That is what we`ll do on the debt limit. That is where we`ll fight the
battle. That is where we`ll take it to Obama. That is where we`ll make
him pay. That`s where we`ll get the spending cuts. Remember that?

That is where we are. We`re now at the debt limit. And guess what?
This is not the time to fight this battle. We can`t win anything on the
debt limit. And when we get to March and the continuing resolution -- you
know what -- what will be said then? This is not the hill to fight on.
This -- we don`t want to be responsible for people not getting their Social
Security checks. We don`t want to be blamed for it.

(END VIDEO CLIP)

O`DONNELL: Joining me now are Ryan Grim, Washington bureau chief for
"Huffington Post," and Jared Bernstein, former chief economist for Vice
President Biden and an MSNBC contributor. Ryan, so they really -- on the
debt ceiling, if all the Democrats voted to raise it, they would only need
18 Republican votes to raise it. Is that the kind of thing we`re going to
see happen?

RYAN GRIM, "HUFFINGTON POST": I mean, you`re either going to see that
or you`re going to see a complete and total cave. But I don`t think you
will see a complete and total one, because you still have that kind of
revaunchist Tea Party element still hanging around.

So, you know, I think it will be more like what you saw with Sandy and
what you saw with the fiscal cliff. A lot of Democrats and then a not
insubstantial number of Republicans, by no means a majority, but a healthy
chunk of them, you know, 50 to 80, something like that.

O`DONNELL: Well, the voting for an increase in the debt ceiling by
Republicans is gaining some real public support here. A quick Tweet here
from Tony Frado, former Treasury Department official in the Bush White
House. he Tweeted, "I don`t know if I can make it anymore clear, there is
no rational alternative to raising the debt ceiling, and preferably early."

In the Senate today, the republican side of the Senate, Susan Collins
issued a statement. "Senator Collins recognizes that the debt ceiling is
going to have to be raised because the U.S. default cannot default on its
obligations to pay for spending that has already occurred."

Another item coming out of Alaska on Lisa Murkowski, Republican
senator. Murkowski, at a news minor editorial board meeting on January
9th, said she doesn`t think the debt limit should be used for political
leverage. Murkowski said not all of her colleagues in the Senate will say
it out loud, but she believes most agree that failing to raise the debt
limit would harm perception of the country.

Jared Bernstein, the momentum seems to be building for increasing
sanity on the Republican side of this question in Congress.

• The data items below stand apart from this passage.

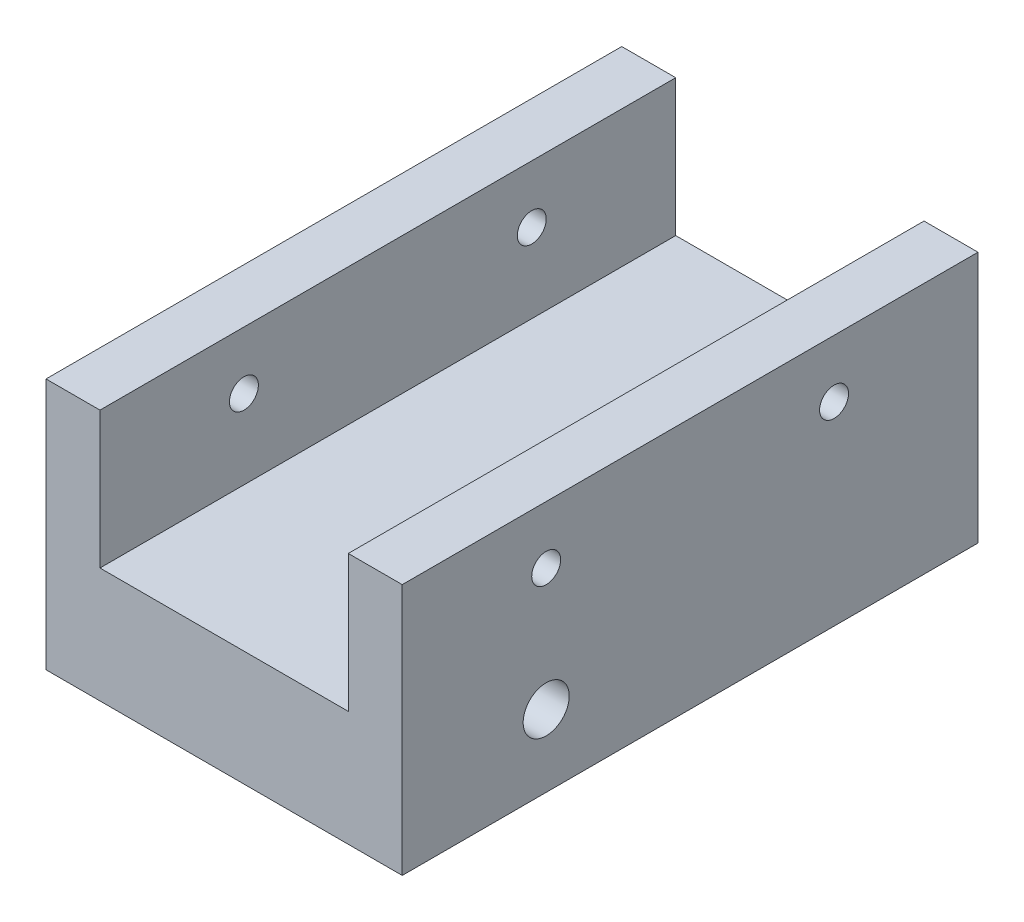
ISO-10303-21;
HEADER;
FILE_DESCRIPTION(('STEP AP214'),'2;1');
FILE_NAME('part.step','',(''),(''),'','','');
FILE_SCHEMA(('AUTOMOTIVE_DESIGN { 1 0 10303 214 1 1 1 1 }'));
ENDSEC;
DATA;
#1=APPLICATION_CONTEXT('core data for automotive mechanical design processes');
#2=APPLICATION_PROTOCOL_DEFINITION('international standard','automotive_design',2000,#1);
#3=PRODUCT_CONTEXT('',#1,'mechanical');
#4=PRODUCT('Part','Part','',(#3));
#5=PRODUCT_RELATED_PRODUCT_CATEGORY('part','',(#4));
#6=PRODUCT_DEFINITION_FORMATION('','',#4);
#7=PRODUCT_DEFINITION_CONTEXT('part definition',#1,'design');
#8=PRODUCT_DEFINITION('design','',#6,#7);
#9=PRODUCT_DEFINITION_SHAPE('','',#8);
#10=(LENGTH_UNIT() NAMED_UNIT(*) SI_UNIT(.MILLI.,.METRE.));
#11=(NAMED_UNIT(*) PLANE_ANGLE_UNIT() SI_UNIT($,.RADIAN.));
#12=(NAMED_UNIT(*) SI_UNIT($,.STERADIAN.) SOLID_ANGLE_UNIT());
#13=UNCERTAINTY_MEASURE_WITH_UNIT(LENGTH_MEASURE(1.E-05),#10,'distance_accuracy_value','');
#14=(GEOMETRIC_REPRESENTATION_CONTEXT(3) GLOBAL_UNCERTAINTY_ASSIGNED_CONTEXT((#13)) GLOBAL_UNIT_ASSIGNED_CONTEXT((#10,
#11,#12)) REPRESENTATION_CONTEXT('',''));
#15=CARTESIAN_POINT('',(0.,0.,0.));
#16=DIRECTION('',(0.,0.,1.));
#17=DIRECTION('',(1.,0.,0.));
#18=AXIS2_PLACEMENT_3D('',#15,#16,#17);
#19=CARTESIAN_POINT('',(0.,44.45,101.6));
#20=DIRECTION('',(1.,0.,0.));
#21=DIRECTION('',(0.,1.,0.));
#22=AXIS2_PLACEMENT_3D('',#19,#20,#21);
#23=PLANE('',#22);
#24=CARTESIAN_POINT('',(0.,12.7,76.2));
#25=DIRECTION('',(-1.,0.,0.));
#26=DIRECTION('',(0.,0.,1.));
#27=AXIS2_PLACEMENT_3D('',#24,#25,#26);
#28=CIRCLE('',#27,4.064);
#29=CARTESIAN_POINT('',(0.,12.7,80.264));
#30=VERTEX_POINT('',#29);
#31=EDGE_CURVE('E218',#30,#30,#28,.T.);
#32=ORIENTED_EDGE('',*,*,#31,.F.);
#33=EDGE_LOOP('',(#32));
#34=FACE_BOUND('',#33,.T.);
#35=CARTESIAN_POINT('',(0.,34.29,25.4));
#36=DIRECTION('',(-1.,0.,0.));
#37=DIRECTION('',(0.,0.,1.));
#38=AXIS2_PLACEMENT_3D('',#35,#36,#37);
#39=CIRCLE('',#38,2.5527);
#40=CARTESIAN_POINT('',(0.,34.29,27.9527));
#41=VERTEX_POINT('',#40);
#42=EDGE_CURVE('E222',#41,#41,#39,.T.);
#43=ORIENTED_EDGE('',*,*,#42,.F.);
#44=EDGE_LOOP('',(#43));
#45=FACE_BOUND('',#44,.T.);
#46=CARTESIAN_POINT('',(0.,34.29,76.2));
#47=DIRECTION('',(-1.,0.,0.));
#48=DIRECTION('',(0.,0.,1.));
#49=AXIS2_PLACEMENT_3D('',#46,#47,#48);
#50=CIRCLE('',#49,2.5527);
#51=CARTESIAN_POINT('',(0.,34.29,78.7527));
#52=VERTEX_POINT('',#51);
#53=EDGE_CURVE('E166',#52,#52,#50,.T.);
#54=ORIENTED_EDGE('',*,*,#53,.F.);
#55=EDGE_LOOP('',(#54));
#56=FACE_BOUND('',#55,.T.);
#57=DIRECTION('',(0.,-1.,0.));
#58=VECTOR('',#57,1.);
#59=CARTESIAN_POINT('',(0.,44.45,0.));
#60=LINE('',#59,#58);
#61=CARTESIAN_POINT('',(0.,44.45,0.));
#62=VERTEX_POINT('',#61);
#63=CARTESIAN_POINT('',(0.,0.,0.));
#64=VERTEX_POINT('',#63);
#65=EDGE_CURVE('E132',#62,#64,#60,.T.);
#66=ORIENTED_EDGE('',*,*,#65,.T.);
#67=DIRECTION('',(0.,0.,-1.));
#68=VECTOR('',#67,1.);
#69=CARTESIAN_POINT('',(0.,0.,101.6));
#70=LINE('',#69,#68);
#71=CARTESIAN_POINT('',(0.,0.,101.6));
#72=VERTEX_POINT('',#71);
#73=EDGE_CURVE('E11',#72,#64,#70,.T.);
#74=ORIENTED_EDGE('',*,*,#73,.F.);
#75=DIRECTION('',(0.,-1.,0.));
#76=VECTOR('',#75,1.);
#77=CARTESIAN_POINT('',(0.,44.45,101.6));
#78=LINE('',#77,#76);
#79=CARTESIAN_POINT('',(0.,44.45,101.6));
#80=VERTEX_POINT('',#79);
#81=EDGE_CURVE('E147',#80,#72,#78,.T.);
#82=ORIENTED_EDGE('',*,*,#81,.F.);
#83=DIRECTION('',(0.,0.,-1.));
#84=VECTOR('',#83,1.);
#85=CARTESIAN_POINT('',(0.,44.45,101.6));
#86=LINE('',#85,#84);
#87=EDGE_CURVE('E128',#80,#62,#86,.T.);
#88=ORIENTED_EDGE('',*,*,#87,.T.);
#89=EDGE_LOOP('',(#66,#74,#82,#88));
#90=FACE_BOUND('',#89,.T.);
#91=ADVANCED_FACE('F34',(#34,#45,#56,#90),#23,.F.);
#92=CARTESIAN_POINT('',(0.,0.,101.6));
#93=DIRECTION('',(0.,1.,0.));
#94=DIRECTION('',(-1.,0.,0.));
#95=AXIS2_PLACEMENT_3D('',#92,#93,#94);
#96=PLANE('',#95);
#97=DIRECTION('',(1.,0.,0.));
#98=VECTOR('',#97,1.);
#99=CARTESIAN_POINT('',(0.,0.,0.));
#100=LINE('',#99,#98);
#101=CARTESIAN_POINT('',(62.865,0.,0.));
#102=VERTEX_POINT('',#101);
#103=EDGE_CURVE('E135',#64,#102,#100,.T.);
#104=ORIENTED_EDGE('',*,*,#103,.T.);
#105=DIRECTION('',(0.,0.,-1.));
#106=VECTOR('',#105,1.);
#107=CARTESIAN_POINT('',(62.865,0.,101.6));
#108=LINE('',#107,#106);
#109=CARTESIAN_POINT('',(62.865,0.,101.6));
#110=VERTEX_POINT('',#109);
#111=EDGE_CURVE('E43',#110,#102,#108,.T.);
#112=ORIENTED_EDGE('',*,*,#111,.F.);
#113=DIRECTION('',(1.,0.,0.));
#114=VECTOR('',#113,1.);
#115=CARTESIAN_POINT('',(0.,0.,101.6));
#116=LINE('',#115,#114);
#117=EDGE_CURVE('E95',#72,#110,#116,.T.);
#118=ORIENTED_EDGE('',*,*,#117,.F.);
#119=ORIENTED_EDGE('',*,*,#73,.T.);
#120=EDGE_LOOP('',(#104,#112,#118,#119));
#121=FACE_BOUND('',#120,.T.);
#122=ADVANCED_FACE('F209',(#121),#96,.F.);
#123=CARTESIAN_POINT('',(62.865,0.,101.6));
#124=DIRECTION('',(-1.,0.,0.));
#125=DIRECTION('',(0.,-1.,0.));
#126=AXIS2_PLACEMENT_3D('',#123,#124,#125);
#127=PLANE('',#126);
#128=CARTESIAN_POINT('',(62.865,12.7,76.2));
#129=DIRECTION('',(-1.,0.,0.));
#130=DIRECTION('',(0.,0.,1.));
#131=AXIS2_PLACEMENT_3D('',#128,#129,#130);
#132=CIRCLE('',#131,4.064);
#133=CARTESIAN_POINT('',(62.865,12.7,80.264));
#134=VERTEX_POINT('',#133);
#135=EDGE_CURVE('E255',#134,#134,#132,.T.);
#136=ORIENTED_EDGE('',*,*,#135,.T.);
#137=EDGE_LOOP('',(#136));
#138=FACE_BOUND('',#137,.T.);
#139=CARTESIAN_POINT('',(62.865,34.29,25.4));
#140=DIRECTION('',(-1.,0.,0.));
#141=DIRECTION('',(0.,0.,1.));
#142=AXIS2_PLACEMENT_3D('',#139,#140,#141);
#143=CIRCLE('',#142,2.55269999999998);
#144=CARTESIAN_POINT('',(62.865,34.29,27.9527));
#145=VERTEX_POINT('',#144);
#146=EDGE_CURVE('E260',#145,#145,#143,.T.);
#147=ORIENTED_EDGE('',*,*,#146,.T.);
#148=EDGE_LOOP('',(#147));
#149=FACE_BOUND('',#148,.T.);
#150=CARTESIAN_POINT('',(62.865,34.29,76.2));
#151=DIRECTION('',(-1.,0.,0.));
#152=DIRECTION('',(0.,0.,1.));
#153=AXIS2_PLACEMENT_3D('',#150,#151,#152);
#154=CIRCLE('',#153,2.55269999999998);
#155=CARTESIAN_POINT('',(62.865,34.29,78.7527));
#156=VERTEX_POINT('',#155);
#157=EDGE_CURVE('E160',#156,#156,#154,.T.);
#158=ORIENTED_EDGE('',*,*,#157,.T.);
#159=EDGE_LOOP('',(#158));
#160=FACE_BOUND('',#159,.T.);
#161=DIRECTION('',(0.,1.,0.));
#162=VECTOR('',#161,1.);
#163=CARTESIAN_POINT('',(62.865,0.,0.));
#164=LINE('',#163,#162);
#165=CARTESIAN_POINT('',(62.865,44.45,0.));
#166=VERTEX_POINT('',#165);
#167=EDGE_CURVE('E138',#102,#166,#164,.T.);
#168=ORIENTED_EDGE('',*,*,#167,.T.);
#169=DIRECTION('',(0.,0.,-1.));
#170=VECTOR('',#169,1.);
#171=CARTESIAN_POINT('',(62.865,44.45,101.6));
#172=LINE('',#171,#170);
#173=CARTESIAN_POINT('',(62.865,44.45,101.6));
#174=VERTEX_POINT('',#173);
#175=EDGE_CURVE('E154',#174,#166,#172,.T.);
#176=ORIENTED_EDGE('',*,*,#175,.F.);
#177=DIRECTION('',(0.,1.,0.));
#178=VECTOR('',#177,1.);
#179=CARTESIAN_POINT('',(62.865,0.,101.6));
#180=LINE('',#179,#178);
#181=EDGE_CURVE('E177',#110,#174,#180,.T.);
#182=ORIENTED_EDGE('',*,*,#181,.F.);
#183=ORIENTED_EDGE('',*,*,#111,.T.);
#184=EDGE_LOOP('',(#168,#176,#182,#183));
#185=FACE_BOUND('',#184,.T.);
#186=ADVANCED_FACE('F214',(#138,#149,#160,#185),#127,.F.);
#187=CARTESIAN_POINT('',(62.865,44.45,101.6));
#188=DIRECTION('',(0.,-1.,0.));
#189=DIRECTION('',(0.,0.,-1.));
#190=AXIS2_PLACEMENT_3D('',#187,#188,#189);
#191=PLANE('',#190);
#192=DIRECTION('',(-1.,0.,0.));
#193=VECTOR('',#192,1.);
#194=CARTESIAN_POINT('',(62.865,44.45,0.));
#195=LINE('',#194,#193);
#196=CARTESIAN_POINT('',(53.34,44.45,0.));
#197=VERTEX_POINT('',#196);
#198=EDGE_CURVE('E140',#166,#197,#195,.T.);
#199=ORIENTED_EDGE('',*,*,#198,.T.);
#200=DIRECTION('',(0.,0.,-1.));
#201=VECTOR('',#200,1.);
#202=CARTESIAN_POINT('',(53.34,44.45,101.6));
#203=LINE('',#202,#201);
#204=CARTESIAN_POINT('',(53.34,44.45,101.6));
#205=VERTEX_POINT('',#204);
#206=EDGE_CURVE('E151',#205,#197,#203,.T.);
#207=ORIENTED_EDGE('',*,*,#206,.F.);
#208=DIRECTION('',(-1.,0.,0.));
#209=VECTOR('',#208,1.);
#210=CARTESIAN_POINT('',(62.865,44.45,101.6));
#211=LINE('',#210,#209);
#212=EDGE_CURVE('E179',#174,#205,#211,.T.);
#213=ORIENTED_EDGE('',*,*,#212,.F.);
#214=ORIENTED_EDGE('',*,*,#175,.T.);
#215=EDGE_LOOP('',(#199,#207,#213,#214));
#216=FACE_BOUND('',#215,.T.);
#217=ADVANCED_FACE('F185',(#216),#191,.F.);
#218=CARTESIAN_POINT('',(53.34,44.45,101.6));
#219=DIRECTION('',(1.,0.,0.));
#220=DIRECTION('',(0.,0.,-1.));
#221=AXIS2_PLACEMENT_3D('',#218,#219,#220);
#222=PLANE('',#221);
#223=CARTESIAN_POINT('',(53.34,34.29,25.4));
#224=DIRECTION('',(1.,0.,0.));
#225=DIRECTION('',(0.,0.,-1.));
#226=AXIS2_PLACEMENT_3D('',#223,#224,#225);
#227=CIRCLE('',#226,2.55269999999999);
#228=CARTESIAN_POINT('',(53.34,34.29,22.8473));
#229=VERTEX_POINT('',#228);
#230=EDGE_CURVE('E37',#229,#229,#227,.T.);
#231=ORIENTED_EDGE('',*,*,#230,.T.);
#232=EDGE_LOOP('',(#231));
#233=FACE_BOUND('',#232,.T.);
#234=CARTESIAN_POINT('',(53.34,34.29,76.2));
#235=DIRECTION('',(1.,0.,0.));
#236=DIRECTION('',(0.,0.,-1.));
#237=AXIS2_PLACEMENT_3D('',#234,#235,#236);
#238=CIRCLE('',#237,2.55269999999999);
#239=CARTESIAN_POINT('',(53.34,34.29,73.6473));
#240=VERTEX_POINT('',#239);
#241=EDGE_CURVE('E158',#240,#240,#238,.T.);
#242=ORIENTED_EDGE('',*,*,#241,.T.);
#243=EDGE_LOOP('',(#242));
#244=FACE_BOUND('',#243,.T.);
#245=DIRECTION('',(0.,-1.,0.));
#246=VECTOR('',#245,1.);
#247=CARTESIAN_POINT('',(53.34,44.45,0.));
#248=LINE('',#247,#246);
#249=CARTESIAN_POINT('',(53.34,20.32,0.));
#250=VERTEX_POINT('',#249);
#251=EDGE_CURVE('E142',#197,#250,#248,.T.);
#252=ORIENTED_EDGE('',*,*,#251,.T.);
#253=DIRECTION('',(0.,0.,-1.));
#254=VECTOR('',#253,1.);
#255=CARTESIAN_POINT('',(53.34,20.32,101.6));
#256=LINE('',#255,#254);
#257=CARTESIAN_POINT('',(53.34,20.32,101.6));
#258=VERTEX_POINT('',#257);
#259=EDGE_CURVE('E123',#258,#250,#256,.T.);
#260=ORIENTED_EDGE('',*,*,#259,.F.);
#261=DIRECTION('',(0.,-1.,0.));
#262=VECTOR('',#261,1.);
#263=CARTESIAN_POINT('',(53.34,44.45,101.6));
#264=LINE('',#263,#262);
#265=EDGE_CURVE('E114',#205,#258,#264,.T.);
#266=ORIENTED_EDGE('',*,*,#265,.F.);
#267=ORIENTED_EDGE('',*,*,#206,.T.);
#268=EDGE_LOOP('',(#252,#260,#266,#267));
#269=FACE_BOUND('',#268,.T.);
#270=ADVANCED_FACE('F189',(#233,#244,#269),#222,.F.);
#271=CARTESIAN_POINT('',(53.34,20.32,101.6));
#272=DIRECTION('',(0.,-1.,0.));
#273=DIRECTION('',(0.,0.,-1.));
#274=AXIS2_PLACEMENT_3D('',#271,#272,#273);
#275=PLANE('',#274);
#276=DIRECTION('',(-1.,0.,0.));
#277=VECTOR('',#276,1.);
#278=CARTESIAN_POINT('',(53.34,20.32,0.));
#279=LINE('',#278,#277);
#280=CARTESIAN_POINT('',(9.52500000000001,20.32,0.));
#281=VERTEX_POINT('',#280);
#282=EDGE_CURVE('E122',#250,#281,#279,.T.);
#283=ORIENTED_EDGE('',*,*,#282,.T.);
#284=DIRECTION('',(0.,0.,-1.));
#285=VECTOR('',#284,1.);
#286=CARTESIAN_POINT('',(9.52500000000001,20.32,101.6));
#287=LINE('',#286,#285);
#288=CARTESIAN_POINT('',(9.52500000000001,20.32,101.6));
#289=VERTEX_POINT('',#288);
#290=EDGE_CURVE('E119',#289,#281,#287,.T.);
#291=ORIENTED_EDGE('',*,*,#290,.F.);
#292=DIRECTION('',(-1.,0.,0.));
#293=VECTOR('',#292,1.);
#294=CARTESIAN_POINT('',(53.34,20.32,101.6));
#295=LINE('',#294,#293);
#296=EDGE_CURVE('E108',#258,#289,#295,.T.);
#297=ORIENTED_EDGE('',*,*,#296,.F.);
#298=ORIENTED_EDGE('',*,*,#259,.T.);
#299=EDGE_LOOP('',(#283,#291,#297,#298));
#300=FACE_BOUND('',#299,.T.);
#301=ADVANCED_FACE('F120',(#300),#275,.F.);
#302=CARTESIAN_POINT('',(9.52500000000001,44.45,101.6));
#303=DIRECTION('',(-1.,0.,0.));
#304=DIRECTION('',(0.,-1.,0.));
#305=AXIS2_PLACEMENT_3D('',#302,#303,#304);
#306=PLANE('',#305);
#307=CARTESIAN_POINT('',(9.52500000000001,34.29,25.4));
#308=DIRECTION('',(-1.,0.,0.));
#309=DIRECTION('',(0.,-1.,0.));
#310=AXIS2_PLACEMENT_3D('',#307,#308,#309);
#311=CIRCLE('',#310,2.55269999999999);
#312=CARTESIAN_POINT('',(9.52500000000001,31.7373,25.4));
#313=VERTEX_POINT('',#312);
#314=EDGE_CURVE('E171',#313,#313,#311,.T.);
#315=ORIENTED_EDGE('',*,*,#314,.T.);
#316=EDGE_LOOP('',(#315));
#317=FACE_BOUND('',#316,.T.);
#318=CARTESIAN_POINT('',(9.52500000000001,34.29,76.2));
#319=DIRECTION('',(-1.,0.,0.));
#320=DIRECTION('',(0.,-1.,0.));
#321=AXIS2_PLACEMENT_3D('',#318,#319,#320);
#322=CIRCLE('',#321,2.55269999999999);
#323=CARTESIAN_POINT('',(9.52500000000001,31.7373,76.2));
#324=VERTEX_POINT('',#323);
#325=EDGE_CURVE('E136',#324,#324,#322,.T.);
#326=ORIENTED_EDGE('',*,*,#325,.T.);
#327=EDGE_LOOP('',(#326));
#328=FACE_BOUND('',#327,.T.);
#329=DIRECTION('',(0.,1.,0.));
#330=VECTOR('',#329,1.);
#331=CARTESIAN_POINT('',(9.52500000000001,44.45,0.));
#332=LINE('',#331,#330);
#333=CARTESIAN_POINT('',(9.52500000000001,44.45,0.));
#334=VERTEX_POINT('',#333);
#335=EDGE_CURVE('E81',#281,#334,#332,.T.);
#336=ORIENTED_EDGE('',*,*,#335,.T.);
#337=DIRECTION('',(0.,0.,-1.));
#338=VECTOR('',#337,1.);
#339=CARTESIAN_POINT('',(9.52500000000001,44.45,101.6));
#340=LINE('',#339,#338);
#341=CARTESIAN_POINT('',(9.52500000000001,44.45,101.6));
#342=VERTEX_POINT('',#341);
#343=EDGE_CURVE('E124',#342,#334,#340,.T.);
#344=ORIENTED_EDGE('',*,*,#343,.F.);
#345=DIRECTION('',(0.,1.,0.));
#346=VECTOR('',#345,1.);
#347=CARTESIAN_POINT('',(9.52500000000001,44.45,101.6));
#348=LINE('',#347,#346);
#349=EDGE_CURVE('E112',#289,#342,#348,.T.);
#350=ORIENTED_EDGE('',*,*,#349,.F.);
#351=ORIENTED_EDGE('',*,*,#290,.T.);
#352=EDGE_LOOP('',(#336,#344,#350,#351));
#353=FACE_BOUND('',#352,.T.);
#354=ADVANCED_FACE('F126',(#317,#328,#353),#306,.F.);
#355=CARTESIAN_POINT('',(9.52500000000001,44.45,101.6));
#356=DIRECTION('',(0.,-1.,0.));
#357=DIRECTION('',(0.,0.,-1.));
#358=AXIS2_PLACEMENT_3D('',#355,#356,#357);
#359=PLANE('',#358);
#360=DIRECTION('',(-1.,0.,0.));
#361=VECTOR('',#360,1.);
#362=CARTESIAN_POINT('',(9.52500000000001,44.45,0.));
#363=LINE('',#362,#361);
#364=EDGE_CURVE('E87',#334,#62,#363,.T.);
#365=ORIENTED_EDGE('',*,*,#364,.T.);
#366=ORIENTED_EDGE('',*,*,#87,.F.);
#367=DIRECTION('',(-1.,0.,0.));
#368=VECTOR('',#367,1.);
#369=CARTESIAN_POINT('',(9.52500000000001,44.45,101.6));
#370=LINE('',#369,#368);
#371=EDGE_CURVE('E52',#342,#80,#370,.T.);
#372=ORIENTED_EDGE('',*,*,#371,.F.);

JARED BERNSTEIN, MSNBC POLITICAL ANALYST: Which is a good thing. I
mean, one of the lessons here -- and it is interesting, you know, basically
if Rush Limbaugh is upset about this, that means something probably good is
happening in politics.

O`DONNELL: Yes, yes.

BERNSTEIN: And kind of -- you are really seeing a division within the
Republicans, obviously, between those who are just very stuck in kind of a
mentality towards their base that is obviously very destructive towards
that of the broader nation, and a bunch of others who kind of figure a
couple of other things. One, we would like to stick around here and maybe
win some election. And two, perhaps inflicting wound after wound on the
economy isn`t really what folks sent us here to do.

O`DONNELL: And Ryan, the funny thing about this is, this can end up
being perceived as some sort of Republican cave, when they never should
have taken a party position against raising the debt ceiling in the first
place. So that doing the rational thing could actually simply look
rational when they chose to do it.

GRIM: Right, exactly. They -- if they had never made a big deal
about this to begin with, then they wouldn`t be in this situation. Now,
Obama kind of aided and abetted them in 2011, because he wanted the debt
ceiling to be the leverage that they could come to this grand bargain that
he really wanted in 2011.

That never happened. Since then, he has been consistent saying, I am
not going to mess around with the debt ceiling anymore. And good for him
on that. But you`re right. As Newt Gingrich said, and very wisely and
very moderately and reasonably -- he said, don`t pick this fight because
you`re going to lose it.

So don`t create a national crisis around this that is only going to
wind up with you caving. So just do it now, do it quietly, do it early,
like Tony Frado is saying. The sooner you do it, the less attention and
less people notice that you -- that all of this happened.

BERNSTEIN: So the only thing I would say about all of this is that,
you know, some of us have this sense of relief when we dealt with the
fiscal curb and now with the debt ceiling. If we blow through these
without a crisis, we`re all going to, you know, wipe our brows and say,
hey, that was good. You know, politics was working.

No, wrong. Just the fact that -- the fact that we have been dealing
with these crises when there is a real economy out there that actually
demands policy attention is really political malpractice.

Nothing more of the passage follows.